El gasolinazo me está afectando directamente. Está matando mis ahorros y todavía no termina enero. No me va a alcanzar para darte lo que te daba. Además, nuestros hijos ya son mayorcitos, tienen que lidiar con lo que les toca. Que se metan de choferes de Uber, o que contacten a tu tío que trabaja en Xalostoc y que se consigan una chamba en su planta. O que hagan algo, porque la cosa se está poniendo color de hormiga... dijo rapidito, para que ella no pudiera interrumpir su discurso.
Quería escucharla suplicar, verla angustiada, suplicante.
Miriam se queda callada. En el fondo se alegra. Quiere depender cada vez menos de él.
Quiere no pedirle. Su ex ya no es ese hombre duro y testarudo, encantador y exitoso que la dejó para irse con la secretaria. Él ya no parece tan feliz de compartir su cama con una mujer mucho más joven, que mal educa a sus hijos y que odia oírlo decir que a él nadie le hace caso. Miriam lo mira y siente lástima. Lo ve triste, derrotado, o más bien, viejo. No quiere pelear. Ella le cuenta que sus hijos invitan chicas y amigos a la casa; que no falta quién traiga cervezas, pero que arrasan con todo lo que hay dentro del refrigerador. Se ríen. Hablan de Gerardo y de Guillermina, su novia. Los dos se felicitan porque por fin su hijo ya entró al último semestre de la universidad, y porque la novia es linda. Se preocupan por Marianita, que ya tiene 18 y sigue con un novio que no da una.
Él se rompe y le dice que nunca debió dejarla, que lo lamenta desde el día que se fue, que extraña sus ojos, su cocina y su humor. Miriam lo mira. ¡Cómo quería verlo así de roto! ¡Cuánto hubiera dado porque hace años le dijera que la extrañaba!

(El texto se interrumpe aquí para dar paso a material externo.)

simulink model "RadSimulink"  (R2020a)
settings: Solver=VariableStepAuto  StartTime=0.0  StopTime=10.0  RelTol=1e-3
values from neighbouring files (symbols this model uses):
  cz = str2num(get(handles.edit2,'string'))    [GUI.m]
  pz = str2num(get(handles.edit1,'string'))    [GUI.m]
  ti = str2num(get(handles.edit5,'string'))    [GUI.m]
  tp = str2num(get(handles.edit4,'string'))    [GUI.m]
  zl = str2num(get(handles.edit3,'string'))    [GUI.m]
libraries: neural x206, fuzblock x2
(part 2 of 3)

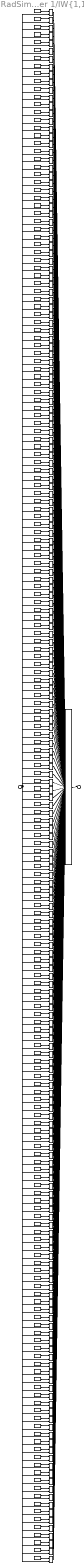
== system RadSimulink/Function Fitting Neural Network/Layer 1/IW{1,1} ==
  "pd{1,1}" : Inport  PortDimensions=5
      mask Display: e = 0.06;c1 = [120 230 180]/255;c2 = ([120 230 180]+0)/(256+128);c3 = ([120 230 180]+128)/(256+128);patch([0 1 1 0],[0 0 1 1],c1);patch([0 1 1 1-e 1-e 0+e],[0 0 1 1-e 0+e 0+e],c2);patch([0 0 1 1-e 0+e 0+e],[0 1 1 1-e 1-e 0+e],c3);plot([0 1 1 0 0],[0 0 1 1 0]);
  "IW{1,1}(1,:)'" : Constant  Value=[-1.1024971237361669285093057624180801212787628173828125;-2.42025893729763996731207953416742384433746337890625;-0.1951758632417351646548553389948210678994655609130859375;-1.7662876637968849546922456283937208354473114013671875;-2.01734664909667760213096698862500488758087158203125]
      mask Display: e = 0.06;c1 = [120 150 230]/255;c2 = ([120 150 230]+0)/383;c3 = ([120 150 230]+128)/383;patch([0 1 1 0],[0 0 1 1],c1);patch([0 1 1 1-e 1-e 0+e],[0 0 1 1-e 0+e 0+e],c2);patch([0 0 1 1-e 0+e 0+e],[0 1 1 1-e 1-e 0+e],c3);plot([0 1 1 0 0],[0 0 1 1 0]);disp('Weights');
  "IW{1,1}(10,:)'" : Constant  Value=[2.101523545932024727989073653589002788066864013671875;-1.7279665023119312738941744100884534418582916259765625;1.1178691452224647218116615476901642978191375732421875;-0.27934657220397907106956836287281475961208343505859375;2.880254256165533544020718181855045258998870849609375]
      mask Display: e = 0.06;c1 = [120 150 230]/255;c2 = ([120 150 230]+0)/383;c3 = ([120 150 230]+128)/383;patch([0 1 1 0],[0 0 1 1],c1);patch([0 1 1 1-e 1-e 0+e],[0 0 1 1-e 0+e 0+e],c2);patch([0 0 1 1-e 0+e 0+e],[0 1 1 1-e 1-e 0+e],c3);plot([0 1 1 0 0],[0 0 1 1 0]);disp('Weights');
  "IW{1,1}(100,:)'" : Constant  Value=[-1.0080768381000433375760394483222626149654388427734375;0.06504466674938051695686880293578724376857280731201171875;-2.437083695314801179421237975475378334522247314453125;-0.60085262232023317618967439557309262454509735107421875;2.912213889031785907235416743787936866283416748046875]
      mask Display: e = 0.06;c1 = [120 150 230]/255;c2 = ([120 150 230]+0)/383;c3 = ([120 150 230]+128)/383;patch([0 1 1 0],[0 0 1 1],c1);patch([0 1 1 1-e 1-e 0+e],[0 0 1 1-e 0+e 0+e],c2);patch([0 0 1 1-e 0+e 0+e],[0 1 1 1-e 1-e 0+e],c3);plot([0 1 1 0 0],[0 0 1 1 0]);disp('Weights');
  "IW{1,1}(101,:)'" : Constant  Value=[1.90336093057931687866357606253586709499359130859375;-1.126709319667938746789559445460326969623565673828125;-2.31817597529505636799740386777557432651519775390625;1.6272516351571402193343374165124259889125823974609375;-1.368723252103397403089957151678390800952911376953125]
      mask Display: e = 0.06;c1 = [120 150 230]/255;c2 = ([120 150 230]+0)/383;c3 = ([120 150 230]+128)/383;patch([0 1 1 0],[0 0 1 1],c1);patch([0 1 1 1-e 1-e 0+e],[0 0 1 1-e 0+e 0+e],c2);patch([0 0 1 1-e 0+e 0+e],[0 1 1 1-e 1-e 0+e],c3);plot([0 1 1 0 0],[0 0 1 1 0]);disp('Weights');
  "IW{1,1}(102,:)'" : Constant  Value=[-3.420026756921864308225167405907995998859405517578125;-2.3719950536146399144854512996971607208251953125;1.1313743416636159455634924597688950598239898681640625;-0.8552105117849888582526318714371882379055023193359375;0.233304600818531604478067720265244133770465850830078125]
      mask Display: e = 0.06;c1 = [120 150 230]/255;c2 = ([120 150 230]+0)/383;c3 = ([120 150 230]+128)/383;patch([0 1 1 0],[0 0 1 1],c1);patch([0 1 1 1-e 1-e 0+e],[0 0 1 1-e 0+e 0+e],c2);patch([0 0 1 1-e 0+e 0+e],[0 1 1 1-e 1-e 0+e],c3);plot([0 1 1 0 0],[0 0 1 1 0]);disp('Weights');
  "IW{1,1}(103,:)'" : Constant  Value=[-0.7245749152369149737040743275429122149944305419921875;2.719538996825153542857833599555306136608123779296875;-0.34034567501443147019557500243536196649074554443359375;-2.62175331828034519077164077316410839557647705078125;-1.79375045778324260226099795545451343059539794921875]
      mask Display: e = 0.06;c1 = [120 150 230]/255;c2 = ([120 150 230]+0)/383;c3 = ([120 150 230]+128)/383;patch([0 1 1 0],[0 0 1 1],c1);patch([0 1 1 1-e 1-e 0+e],[0 0 1 1-e 0+e 0+e],c2);patch([0 0 1 1-e 0+e 0+e],[0 1 1 1-e 1-e 0+e],c3);plot([0 1 1 0 0],[0 0 1 1 0]);disp('Weights');
  "IW{1,1}(104,:)'" : Constant  Value=[-1.8276546952938861334558851012843661010265350341796875;3.1424452420276391961806439212523400783538818359375;2.819758895819064914434193269698880612850189208984375;-0.10000487520686705822381412644972442649304866790771484375;0.88030108858768307822373344606603495776653289794921875]
      mask Display: e = 0.06;c1 = [120 150 230]/255;c2 = ([120 150 230]+0)/383;c3 = ([120 150 230]+128)/383;patch([0 1 1 0],[0 0 1 1],c1);patch([0 1 1 1-e 1-e 0+e],[0 0 1 1-e 0+e 0+e],c2);patch([0 0 1 1-e 0+e 0+e],[0 1 1 1-e 1-e 0+e],c3);plot([0 1 1 0 0],[0 0 1 1 0]);disp('Weights');
  "IW{1,1}(105,:)'" : Constant  Value=[-1.955119046550140016194063719012774527072906494140625;2.26029192919587718080265403841622173786163330078125;-0.84774494451610082901282794409780763089656829833984375;-0.38953484467059806828359569408348761498928070068359375;2.197168941225040583731242804788053035736083984375]
      mask Display: e = 0.06;c1 = [120 150 230]/255;c2 = ([120 150 230]+0)/383;c3 = ([120 150 230]+128)/383;patch([0 1 1 0],[0 0 1 1],c1);patch([0 1 1 1-e 1-e 0+e],[0 0 1 1-e 0+e 0+e],c2);patch([0 0 1 1-e 0+e 0+e],[0 1 1 1-e 1-e 0+e],c3);plot([0 1 1 0 0],[0 0 1 1 0]);disp('Weights');
  "IW{1,1}(106,:)'" : Constant  Value=[-2.32279050408599641031059945817105472087860107421875;0.94744858728796532698623877877253107726573944091796875;-1.5499805306115224112772921216674149036407470703125;2.097487556649907158856649402878247201442718505859375;-1.791807377519587074488072175881825387477874755859375]
      mask Display: e = 0.06;c1 = [120 150 230]/255;c2 = ([120 150 230]+0)/383;c3 = ([120 150 230]+128)/383;patch([0 1 1 0],[0 0 1 1],c1);patch([0 1 1 1-e 1-e 0+e],[0 0 1 1-e 0+e 0+e],c2);patch([0 0 1 1-e 0+e 0+e],[0 1 1 1-e 1-e 0+e],c3);plot([0 1 1 0 0],[0 0 1 1 0]);disp('Weights');
  "IW{1,1}(107,:)'" : Constant  Value=[1.1809257823517860241935295562143437564373016357421875;-2.377719411022709561365218178252689540386199951171875;0.2141296858350458520714454380140523426234722137451171875;-1.1815675916247567744932212008279748260974884033203125;2.70168779430114813777663584914989769458770751953125]
      mask Display: e = 0.06;c1 = [120 150 230]/255;c2 = ([120 150 230]+0)/383;c3 = ([120 150 230]+128)/383;patch([0 1 1 0],[0 0 1 1],c1);patch([0 1 1 1-e 1-e 0+e],[0 0 1 1-e 0+e 0+e],c2);patch([0 0 1 1-e 0+e 0+e],[0 1 1 1-e 1-e 0+e],c3);plot([0 1 1 0 0],[0 0 1 1 0]);disp('Weights');
  "IW{1,1}(108,:)'" : Constant  Value=[-1.754914904257402152865097377798520028591156005859375;-2.0911361399005361505487599060870707035064697265625;2.542284700714983358693643822334706783294677734375;1.9958867986801454019740731382626108825206756591796875;-1.67034476062302683629923194530420005321502685546875]
      mask Display: e = 0.06;c1 = [120 150 230]/255;c2 = ([120 150 230]+0)/383;c3 = ([120 150 230]+128)/383;patch([0 1 1 0],[0 0 1 1],c1);patch([0 1 1 1-e 1-e 0+e],[0 0 1 1-e 0+e 0+e],c2);patch([0 0 1 1-e 0+e 0+e],[0 1 1 1-e 1-e 0+e],c3);plot([0 1 1 0 0],[0 0 1 1 0]);disp('Weights');
  "IW{1,1}(109,:)'" : Constant  Value=[0.956521745717475280201824716641567647457122802734375;-2.50335089270634636449130994151346385478973388671875;1.2037065443916625806508591267629526555538177490234375;0.60555610759611766535925880816648714244365692138671875;-2.731580459628556667439625016413629055023193359375]
      mask Display: e = 0.06;c1 = [120 150 230]/255;c2 = ([120 150 230]+0)/383;c3 = ([120 150 230]+128)/383;patch([0 1 1 0],[0 0 1 1],c1);patch([0 1 1 1-e 1-e 0+e],[0 0 1 1-e 0+e 0+e],c2);patch([0 0 1 1-e 0+e 0+e],[0 1 1 1-e 1-e 0+e],c3);plot([0 1 1 0 0],[0 0 1 1 0]);disp('Weights');
  "IW{1,1}(11,:)'" : Constant  Value=[-2.907949635275226540898074745200574398040771484375;1.1530656903068148277924365174840204417705535888671875;-0.443569230139339631957540177609189413487911224365234375;1.4059497597816703606810051496722735464572906494140625;2.099149397548405460156573099084198474884033203125]
      mask Display: e = 0.06;c1 = [120 150 230]/255;c2 = ([120 150 230]+0)/383;c3 = ([120 150 230]+128)/383;patch([0 1 1 0],[0 0 1 1],c1);patch([0 1 1 1-e 1-e 0+e],[0 0 1 1-e 0+e 0+e],c2);patch([0 0 1 1-e 0+e 0+e],[0 1 1 1-e 1-e 0+e],c3);plot([0 1 1 0 0],[0 0 1 1 0]);disp('Weights');
  "IW{1,1}(110,:)'" : Constant  Value=[-1.6020415711927344926124305857229046523571014404296875;-3.0917400563691845860603280016221106052398681640625;-0.9714288758683198299337391290464438498020172119140625;-2.2679764643333104601197192096151411533355712890625;0.669326600522941905779816806898452341556549072265625]
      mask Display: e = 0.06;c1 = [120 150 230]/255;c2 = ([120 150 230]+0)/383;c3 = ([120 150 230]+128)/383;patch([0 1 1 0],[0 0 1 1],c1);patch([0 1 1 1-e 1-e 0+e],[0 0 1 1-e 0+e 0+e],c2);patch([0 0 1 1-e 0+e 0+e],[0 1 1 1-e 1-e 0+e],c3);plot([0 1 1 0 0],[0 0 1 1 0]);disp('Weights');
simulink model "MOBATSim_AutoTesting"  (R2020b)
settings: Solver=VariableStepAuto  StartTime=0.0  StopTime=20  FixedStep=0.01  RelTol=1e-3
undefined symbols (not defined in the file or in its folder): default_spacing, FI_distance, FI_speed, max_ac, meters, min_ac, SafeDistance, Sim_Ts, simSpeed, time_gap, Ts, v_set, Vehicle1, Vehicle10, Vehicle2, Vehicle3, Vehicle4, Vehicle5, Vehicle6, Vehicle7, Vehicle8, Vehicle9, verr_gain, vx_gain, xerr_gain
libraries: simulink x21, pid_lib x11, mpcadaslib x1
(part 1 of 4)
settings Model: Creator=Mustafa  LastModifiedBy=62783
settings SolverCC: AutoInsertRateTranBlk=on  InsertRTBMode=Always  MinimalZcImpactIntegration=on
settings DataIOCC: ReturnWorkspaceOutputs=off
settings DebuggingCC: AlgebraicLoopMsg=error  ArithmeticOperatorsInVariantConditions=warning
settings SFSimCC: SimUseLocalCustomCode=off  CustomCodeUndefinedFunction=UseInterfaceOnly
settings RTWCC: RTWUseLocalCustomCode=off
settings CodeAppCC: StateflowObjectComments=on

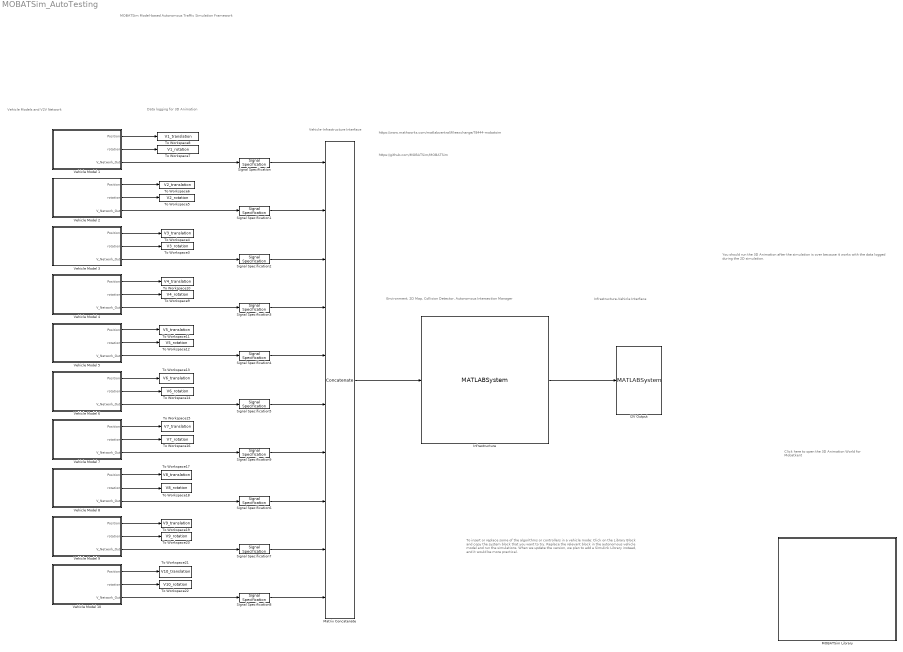
== system MOBATSim_AutoTesting ==
  note: https://www.mathworks.com/matlabcentral/fileexchange/78444-mobatsim
  note: https://github.com/MOBATSim/MOBATSim
  note: To insert or replace some of the algorithms
      | or controllers in a vehicle mode:
      | Click on the Library Block and copy the system block that you want to try.
      | Replace the relevant block in the autonomous vehicle model and run the simulations.
      | When we update the version, we plan to add a Simulink Library instead, and it would be more practical.
  note: MOBATSim
      | Model-based Autonomous Traffic Simulation Framework
  note: You should run the 3D Animation after the simulation is over because it works with the data logged during the 2D simulation.
  note: Click here to open the 3D Animation World for Mobatkent
  note: Infrastructure-Vehicle Interface
  note: Data logging for 3D Animation
  note: Vehicle Models and V2V Network
  note: Environment, 2D Map, Collision Detector, Autonomous Intersection Manager
  note: Vehicle-Infrastructure Interface
  I2V Output : MATLABSystem  System=I2V  SimulateUsing=Interpreted execution
      mask Type: I2V
      mask Display:
      | image('I2V.png');
      | port_label('input',1,'Flags');
  Infrastructure : MATLABSystem  Description=An instance of the Map.m Class is created.  System=Infrastructure  SimulateUsing=Interpreted execution
      mask Type: Infrastructure
      mask Display:
      | image('logo_small.png');
      | port_label('input',1,'V2Idata');
      | port_label('output',1,'mergedBrakingFlagArrays');
  MOBATSim Library : Subsystem
      mask Display: image('$imagefile'); % Use "Edit Image" on toolstrip to change.
  Matrix Concatenate : Concatenate  NumInputs=10  Mode=Multidimensional array
  Signal Specification{,1..9} (10 alike) : SignalSpecification  Dimensions=[1 2]
  To Workspace10 : ToWorkspace  VariableName=V4_translation  SaveFormat=Timeseries  SampleTime=-1
  To Workspace11 : ToWorkspace  VariableName=V5_translation  SaveFormat=Timeseries  SampleTime=-1
  To Workspace12 : ToWorkspace  VariableName=V5_rotation  SaveFormat=Timeseries  SampleTime=-1
  To Workspace13 : ToWorkspace  VariableName=V6_translation  SaveFormat=Timeseries  SampleTime=-1
  To Workspace14 : ToWorkspace  VariableName=V6_rotation  SaveFormat=Timeseries  SampleTime=-1
  To Workspace15 : ToWorkspace  VariableName=V7_translation  SaveFormat=Timeseries  SampleTime=-1
  To Workspace16 : ToWorkspace  VariableName=V7_rotation  SaveFormat=Timeseries  SampleTime=-1
  To Workspace17 : ToWorkspace  VariableName=V8_translation  SaveFormat=Timeseries  SampleTime=-1
  To Workspace18 : ToWorkspace  VariableName=V8_rotation  SaveFormat=Timeseries  SampleTime=-1
  To Workspace19 : ToWorkspace  VariableName=V9_translation  SaveFormat=Timeseries  SampleTime=-1
  To Workspace20 : ToWorkspace  VariableName=V9_rotation  SaveFormat=Timeseries  SampleTime=-1
  To Workspace21 : ToWorkspace  VariableName=V10_translation  SaveFormat=Timeseries  SampleTime=-1
  To Workspace22 : ToWorkspace  VariableName=V10_rotation  SaveFormat=Timeseries  SampleTime=-1
  To Workspace3 : ToWorkspace  VariableName=V3_rotation  SaveFormat=Timeseries  SampleTime=-1
  To Workspace4 : ToWorkspace  VariableName=V3_translation  SaveFormat=Timeseries  SampleTime=-1
  To Workspace5 : ToWorkspace  VariableName=V2_rotation  SaveFormat=Timeseries  SampleTime=-1
  To Workspace6 : ToWorkspace  VariableName=V2_translation  SaveFormat=Timeseries  SampleTime=-1
  To Workspace7 : ToWorkspace  VariableName=V1_rotation  SaveFormat=Timeseries  SampleTime=-1
  To Workspace8 : ToWorkspace  VariableName=V1_translation  SaveFormat=Timeseries  SampleTime=-1
  To Workspace9 : ToWorkspace  VariableName=V4_rotation  SaveFormat=Timeseries  SampleTime=-1
  Vehicle Model 1 : Subsystem  Description=Tag: Autonomous Vehicle Model  SystemSampleTime=0.01  mask{Pos=Vehicle1.dynamics.position, Vehicle_id=[1], SpeedScale=1/simSpeed, maxSpeed=Vehicle1.dynamics.maxSpeed, MinDeceleration=Vehicle1.dynamics.minDeceleration, FI_distance=FI_distance, FI_speed=FI_speed, meters=SafeDistance}
      mask prompts: Pos "Initial Position"; FI_distance "FI_Distance_Sensor"; meters "SafeDistance"
      mask TypeOptions Pos: initial position/Value
      mask TypeOptions Vehicle_id: MATLAB System2/Vehicle_id
      mask TypeOptions SpeedScale: scale the movement/Gain
      mask TypeOptions maxSpeed: Longitudinal Speed Control/Platoon Controller/Saturation3/UpperLimit
      mask TypeOptions MinDeceleration: Longitudinal Speed Control/Acceleration Command/Emergency Brake/Value
      mask TypeOptions FI_distance: Fault Injection Percentage/Value
      mask TypeOptions FI_speed: Longitudinal Speed Control/FI Freeze/Constant/Value
      mask TypeOptions meters: Longitudinal Speed Control/Platoon Controller/Constant/Value
      mask DialogControl DescTextVar Prompt: Autonomous Vehicle Model defined as a system, press the arrow on the lower left corner to see the subsystems. The initial parameters below should be taken from the base workspace but you can edit them anyway you like.
      mask Display: image('$imagefile'); % Use "Edit Image" on toolstrip to change.
  Vehicle Model 10 : Subsystem  Description=Tag: Autonomous Vehicle Model  SystemSampleTime=0.01  mask{Pos=Vehicle10.dynamics.position, Vehicle_id=[10], SpeedScale=1/simSpeed, maxSpeed=Vehicle10.dynamics.maxSpeed, MinDeceleration=Vehicle10.dynamics.minDeceleration, FI_distance=FI_distance, FI_speed=FI_speed, meters=SafeDistance}
      mask prompts: Pos "Initial Position"; FI_distance "FI_Distance_Sensor"; meters "SafeDistance"
      mask TypeOptions Pos: initial position/Value
      mask TypeOptions Vehicle_id: MATLAB System2/Vehicle_id
      mask TypeOptions SpeedScale: scale the movement/Gain
      mask TypeOptions maxSpeed: Longitudinal Speed Control/Platoon Controller/Saturation3/UpperLimit
      mask TypeOptions MinDeceleration: Longitudinal Speed Control/Acceleration Command/Emergency Brake/Value
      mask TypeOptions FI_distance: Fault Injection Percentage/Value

Ahora, se ve tan derrotado, tan poco hombre, con una vida vacía, con una mirada triste... A Miriam, nada la mueve por dentro; no quiere ni pelear. Ya lo hizo durante ocho años. Lo obligó con las colegiaturas, con las fiestas de cumpleaños y con las vacaciones. Casi lo obligó a ser padre. Es cierto que sus hijos ya son grandes.
Odia el poder que él tiene sobre ella. Durante años, ella se cuidó de no hacerlo enojar para que le pasara el gasto. Ahora, Miriam no necesita ser condescendiente.
Lo mira con el café en la mano; observa cómo el vicio del cigarro ha marcado de amarillo los dientes de su ex. Él tiene las patillas blancas y despeinadas. Lleva una corbata de colores demasiado vivos, y unos mocasines sin calcetín. Miriam sabe que él tiene frío. Lo ve triste; lo ve mal. Ya no es el que presumía de las fotos en Acapulco con el culito de la mujer a la que convirtió en su segunda esposa.
Miriam no sabe por qué él comenzó a contar que su experiencia sexual era pobre cuando se casaron. Él le confesó que no sabía cómo fue que se hizo papá a los 22. Se miran a los ojos y se ríen. Se acuerdan de la luna de miel que vivieron en Vallarta, de lo romántica que es esa ciudad. Ahí se quedaron embarazados. Los dos decidieron tenerlo juntos, casarse, enfrentar a sus padres, desafiar el futuro. Formaron una familia joven y se mudaron a Cuernavaca desde que nació Guillermo hasta que cumplió tres años. Se acuerdan de esos encerrones locos, de la primera mamada que dio ella en su vida, y de todo lo que juntos descubrieron... En eso, suena el celular de él.
Se le borra la sonrisa, discute que sí, luego que no. Le miente a su mujer, diciéndole que está atorado en el tráfico. Se mientan la madre; se pone morado. Miriam mira para otra dirección y se levanta al baño.
De lejos, mientras regresa, lo ve sentado, hablando solo. Miriam lo interrumpe y no se vuelve a sentar. Inventa un pretexto. Toma sus cosas, se despide. Dice que la esperan y lo deja solo.
De su ex marido, no quiere saber más.